▶ **Work instruction**
Your task is to tally the lines of the listing containing the word "axis" and report the figure alone.

▶ **Records for processing**
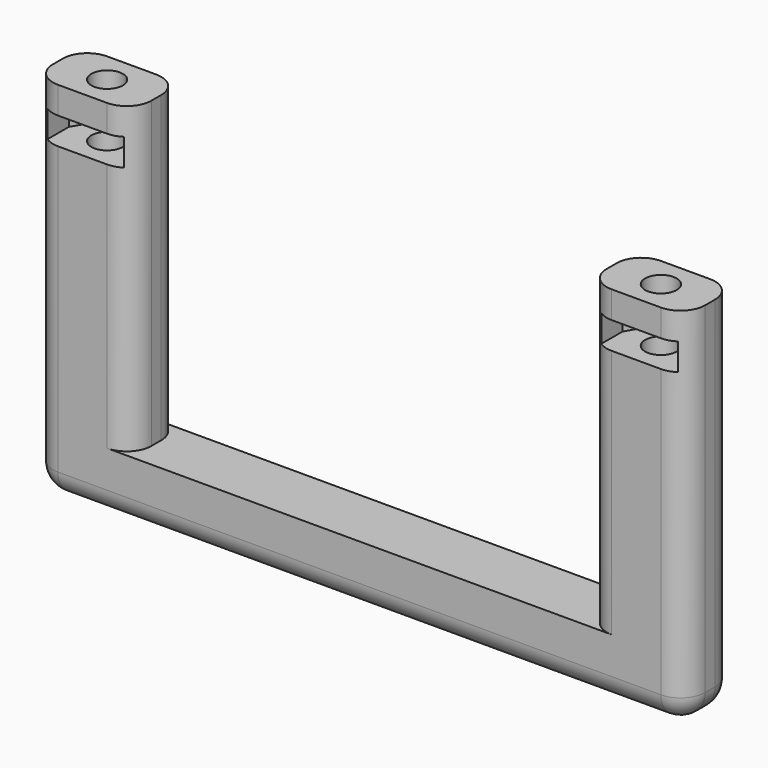
from build123d import *

# Parameters (mm, degrees)
F0_W         = 5.2
F0_H         = 2
F1_DEPTH     = 2.5
F3_DEPTH     = 2.2
F4_W         = 8
F4_H         = 5
F5_DEPTH     = 2.2
F6_R         = 1.28
F7_DEPTH     = 25
F8_T1_DEPTH  = 1
F8_T3_DEPTH  = 49
F8_T5_DEPTH  = 29.7
F8_T7_DEPTH  = 32.7
F8_S11_W     = 2
F8_S11_H     = 2
F8_T12_DEPTH = 2
F8_S17_W     = 2
F8_S17_H     = 2
F8_T18_DEPTH = 2
F8_S23_W     = 2
F8_S23_H     = 2
F8_T24_DEPTH = 2
F8_S29_W     = 2
F8_S29_H     = 2
F8_T30_DEPTH = 2


# Not quite as in the source:
# - a fillet or chamfer that OpenCascade refuses, or shapes differently, is made with other operations: its cross-section is extruded or revolved along the edge and cut away or added


with BuildPart() as f1:
    # F0 (on Front) → F1 (new body, symmetric)
    with BuildSketch(Plane.XZ):
        Polygon((18.5, 0), (0, 0), (0, -5), (26.5, -5), (26.5, 0), (22.5, 0), align=None)
        Polygon((18.5, 22.5), (18.5, 0), (22.5, 0), (26.5, 0), (26.5, 22.5), (25.1, 22.5), (25.1, 20.5), (19.9, 20.5), (19.9, 22.5), align=None)
        with Locations((22.5, 21.5)):
            Rectangle(F0_W, F0_H)
        Polygon((0, -5), (0, 0), (-18.5, 0), (-22.5, 0), (-26.5, 0), (-26.5, -5), align=None)
        Polygon((-22.5, 0), (-18.5, 0), (-18.5, 22.5), (-19.9, 22.5), (-19.9, 20.5), (-25.1, 20.5), (-25.1, 22.5), (-26.5, 22.5), (-26.5, 0), align=None)
        with Locations((-22.5, 21.5)):
            Rectangle(F0_W, F0_H)
    extrude(amount=F1_DEPTH, both=True)

    # F2 (on face) → F3 (cut)
    with BuildSketch(Plane.XY.offset(22.5)):
        Polygon((19.3823289357, -2.5), (20.8312208665, -2.5), (19.3823289357, -0.011275415), align=None)
        Polygon((20.8312208665, -2.5), (24.1798700484, -2.5), (25.6176710643, 0.011275415), (24.1687791335, 2.5), (20.8201299516, 2.5), (19.3823289357, -0.011275415), align=None)
        Polygon((24.068600328, -2.6943446348), (24.1798700484, -2.5), (20.8312208665, -2.5), (20.9509292637, -2.7056200498), align=None)
        Polygon((24.1798700484, -2.5), (25.6176710643, -2.5), (25.6176710643, 0.011275415), align=None)
        Polygon((-24.1798700484, -2.5), (-20.8312208665, -2.5), (-19.3823289357, -0.011275415), (-20.8201299516, 2.5), (-24.1687791335, 2.5), (-25.6176710643, 0.011275415), align=None)
        Polygon((-20.9509292637, -2.7056200498), (-20.8312208665, -2.5), (-24.1798700484, -2.5), (-24.068600328, -2.6943446348), align=None)
        Polygon((-25.6176710643, -2.5), (-24.1798700484, -2.5), (-25.6176710643, 0.011275415), align=None)
        Polygon((-20.8312208665, -2.5), (-19.3823289357, -2.5), (-19.3823289357, -0.011275415), align=None)
    extrude(amount=-F3_DEPTH, mode=Mode.SUBTRACT)

    # F4 (on face) → F5 (join)
    with BuildSketch(Plane.XY.offset(22.5)):
        with Locations((-22.5, 0)):
            Rectangle(F4_W, F4_H)
        Polygon((25.6176710643, 0.011275415), (24.1687791335, 2.5), (18.5, 2.5), (18.5, -2.5), (25.6176710643, -2.5), align=None)
        Polygon((26.5, -2.5), (26.5, 2.5), (24.1687791335, 2.5), (25.6176710643, 0.011275415), (25.6176710643, -2.5), align=None)
    extrude(amount=F5_DEPTH)

    # F6 (on face) → F7 (cut)
    with BuildSketch(Plane.XY.offset(24.7)):
        with Locations((-22.5, 0)):
            Circle(F6_R)
        with Locations((22.5, 0)):
            Circle(F6_R)
    extrude(amount=-F7_DEPTH, mode=Mode.SUBTRACT)

    # F8: fillet of radius 2 on 12 edges, made by hand

    # F8_s2 → F8_t1 (cut)
    with BuildSketch(Plane.XZ.offset(-0.5)):
        with BuildLine():
            ThreePointArc((-26.5, -3), (-25.9142135624, -4.4142135624), (-24.5, -5))
            Line((-24.5, -5), (-26.5, -5))
            Line((-26.5, -5), (-26.5, -3))
        make_face()
        with BuildLine():
            ThreePointArc((24.5, -5), (25.9142135624, -4.4142135624), (26.5, -3))
            Line((26.5, -3), (26.5, -5))
            Line((26.5, -5), (24.5, -5))
        make_face()
    extrude(amount=F8_T1_DEPTH, mode=Mode.SUBTRACT)

    # F8_s4 → F8_t3 (cut)
    with BuildSketch(Plane.YZ.offset(-24.5)):
        with BuildLine():
            ThreePointArc((2.5, -3), (1.9142135624, -4.4142135624), (0.5, -5))
            Line((0.5, -5), (2.5, -5))
            Line((2.5, -5), (2.5, -3))
        make_face()
        with BuildLine():
            ThreePointArc((-2.5, -3), (-1.9142135624, -4.4142135624), (-0.5, -5))
            Line((-0.5, -5), (-2.5, -5))
            Line((-2.5, -5), (-2.5, -3))
        make_face()
    extrude(amount=F8_T3_DEPTH, mode=Mode.SUBTRACT)

    # F8_s6 → F8_t5 (cut)
    with BuildSketch(Plane.XY):
        with BuildLine():
            ThreePointArc((20.5, -2.5), (19.0857864376, -1.9142135624), (18.5, -0.5))
            Line((18.5, -0.5), (18.5, -2.5))
            Line((18.5, -2.5), (20.5, -2.5))
        make_face()
        with BuildLine():
            ThreePointArc((20.5, 2.5), (19.0857864376, 1.9142135624), (18.5, 0.5))
            Line((18.5, 0.5), (18.5, 2.5))
            Line((18.5, 2.5), (20.5, 2.5))
        make_face()
        with BuildLine():
            ThreePointArc((-18.5, -0.5), (-19.0857864376, -1.9142135624), (-20.5, -2.5))
            Line((-20.5, -2.5), (-18.5, -2.5))
            Line((-18.5, -2.5), (-18.5, -0.5))
        make_face()
        with BuildLine():
            ThreePointArc((-20.5, 2.5), (-19.0857864376, 1.9142135624), (-18.5, 0.5))
            Line((-18.5, 0.5), (-18.5, 2.5))
            Line((-18.5, 2.5), (-20.5, 2.5))
        make_face()
    extrude(amount=F8_T5_DEPTH, mode=Mode.SUBTRACT)

    # F8_s8 → F8_t7 (cut)
    with BuildSketch(Plane.XY.offset(-3)):
        with BuildLine():
            ThreePointArc((24.5, -2.5), (25.9142135624, -1.9142135624), (26.5, -0.5))
            Line((26.5, -0.5), (26.5, -2.5))
            Line((26.5, -2.5), (24.5, -2.5))
        make_face()
        with BuildLine():
            ThreePointArc((24.5, 2.5), (25.9142135624, 1.9142135624), (26.5, 0.5))
            Line((26.5, 0.5), (26.5, 2.5))
            Line((26.5, 2.5), (24.5, 2.5))
        make_face()
        with BuildLine():
            ThreePointArc((-24.5, -2.5), (-25.9142135624, -1.9142135624), (-26.5, -0.5))
            Line((-26.5, -0.5), (-26.5, -2.5))
            Line((-26.5, -2.5), (-24.5, -2.5))
        make_face()
        with BuildLine():
            ThreePointArc((-24.5, 2.5), (-25.9142135624, 1.9142135624), (-26.5, 0.5))
            Line((-26.5, 0.5), (-26.5, 2.5))
            Line((-26.5, 2.5), (-24.5, 2.5))
        make_face()
    extrude(amount=F8_T7_DEPTH, mode=Mode.SUBTRACT)


with BuildPart() as f8_tool10:
    # F8_s11 → F8_t12 (new body)
    with BuildSketch(Plane.XZ.offset(-0.5)):
        with Locations((-25.5, -4)):
            Rectangle(F8_S11_W, F8_S11_H)
    extrude(amount=-F8_T12_DEPTH)

    # F8_s13 → F8_t14 (revolve, cut)
    with BuildSketch(Plane(origin=(-24.5, 0.5, -3), x_dir=(0.7071067812, 0, 0.7071067812), z_dir=(-0.7071067812, 0, 0.7071067812))):
        with BuildLine():
            ThreePointArc((0, -2), (2, 0), (0, 2))
            Line((0, 2), (0, -2))
        make_face()
    revolve(axis=Axis((-24.5, 0.5, -3), (0, 1, 0)), mode=Mode.SUBTRACT)


with BuildPart() as f1_1:
    add(f1.part)

    # F8_t9: cut F8_tool10
    add(f8_tool10.part, mode=Mode.SUBTRACT)


with BuildPart() as f8_tool16:
    # F8_s17 → F8_t18 (new body)
    with BuildSketch(Plane.XZ.offset(0.5)):
        with Locations((-25.5, -4)):
            Rectangle(F8_S17_W, F8_S17_H)
    extrude(amount=F8_T18_DEPTH)

    # F8_s19 → F8_t20 (revolve, cut)
    with BuildSketch(Plane(origin=(-24.5, -0.5, -3), x_dir=(0.7071067812, 0, 0.7071067812), z_dir=(0.7071067812, 0, -0.7071067812))):
        with BuildLine():
            ThreePointArc((0, -2), (2, 0), (0, 2))
            Line((0, 2), (0, -2))
        make_face()
    revolve(axis=Axis((-24.5, -0.5, -3), (0, -1, 0)), mode=Mode.SUBTRACT)


with BuildPart() as f1_2:
    add(f1_1.part)

    # F8_t15: cut F8_tool16
    add(f8_tool16.part, mode=Mode.SUBTRACT)


with BuildPart() as f8_tool22:
    # F8_s23 → F8_t24 (new body)
    with BuildSketch(Plane.YZ.offset(24.5)):
        with Locations((1.5, -4)):
            Rectangle(F8_S23_W, F8_S23_H)
    extrude(amount=F8_T24_DEPTH)

    # F8_s25 → F8_t26 (revolve, cut)
    with BuildSketch(Plane(origin=(24.5, 0.5, -3), x_dir=(0, -0.7071067812, 0.7071067812), z_dir=(0, 0.7071067812, 0.7071067812))):
        with BuildLine():
            ThreePointArc((0, -2), (2, 0), (0, 2))
            Line((0, 2), (0, -2))
        make_face()
    revolve(axis=Axis((24.5, 0.5, -3), (1, 0, 0)), mode=Mode.SUBTRACT)


with BuildPart() as f1_3:
    add(f1_2.part)

    # F8_t21: cut F8_tool22
    add(f8_tool22.part, mode=Mode.SUBTRACT)


with BuildPart() as f8_tool28:
    # F8_s29 → F8_t30 (new body)
    with BuildSketch(Plane.YZ.offset(24.5)):
        with Locations((-1.5, -4)):
            Rectangle(F8_S29_W, F8_S29_H)
    extrude(amount=F8_T30_DEPTH)

    # F8_s31 → F8_t32 (revolve, cut)
    with BuildSketch(Plane(origin=(24.5, -0.5, -3), x_dir=(0, 0.7071067812, 0.7071067812), z_dir=(0, 0.7071067812, -0.7071067812))):
        with BuildLine():
            ThreePointArc((0, -2), (2, 0), (0, 2))
            Line((0, 2), (0, -2))
        make_face()
    revolve(axis=Axis((24.5, -0.5, -3), (1, 0, 0)), mode=Mode.SUBTRACT)


with BuildPart() as f1_4:
    add(f1_3.part)

    # F8_t27: cut F8_tool28
    add(f8_tool28.part, mode=Mode.SUBTRACT)


solid = f1_4.part

▶ **Task response**
4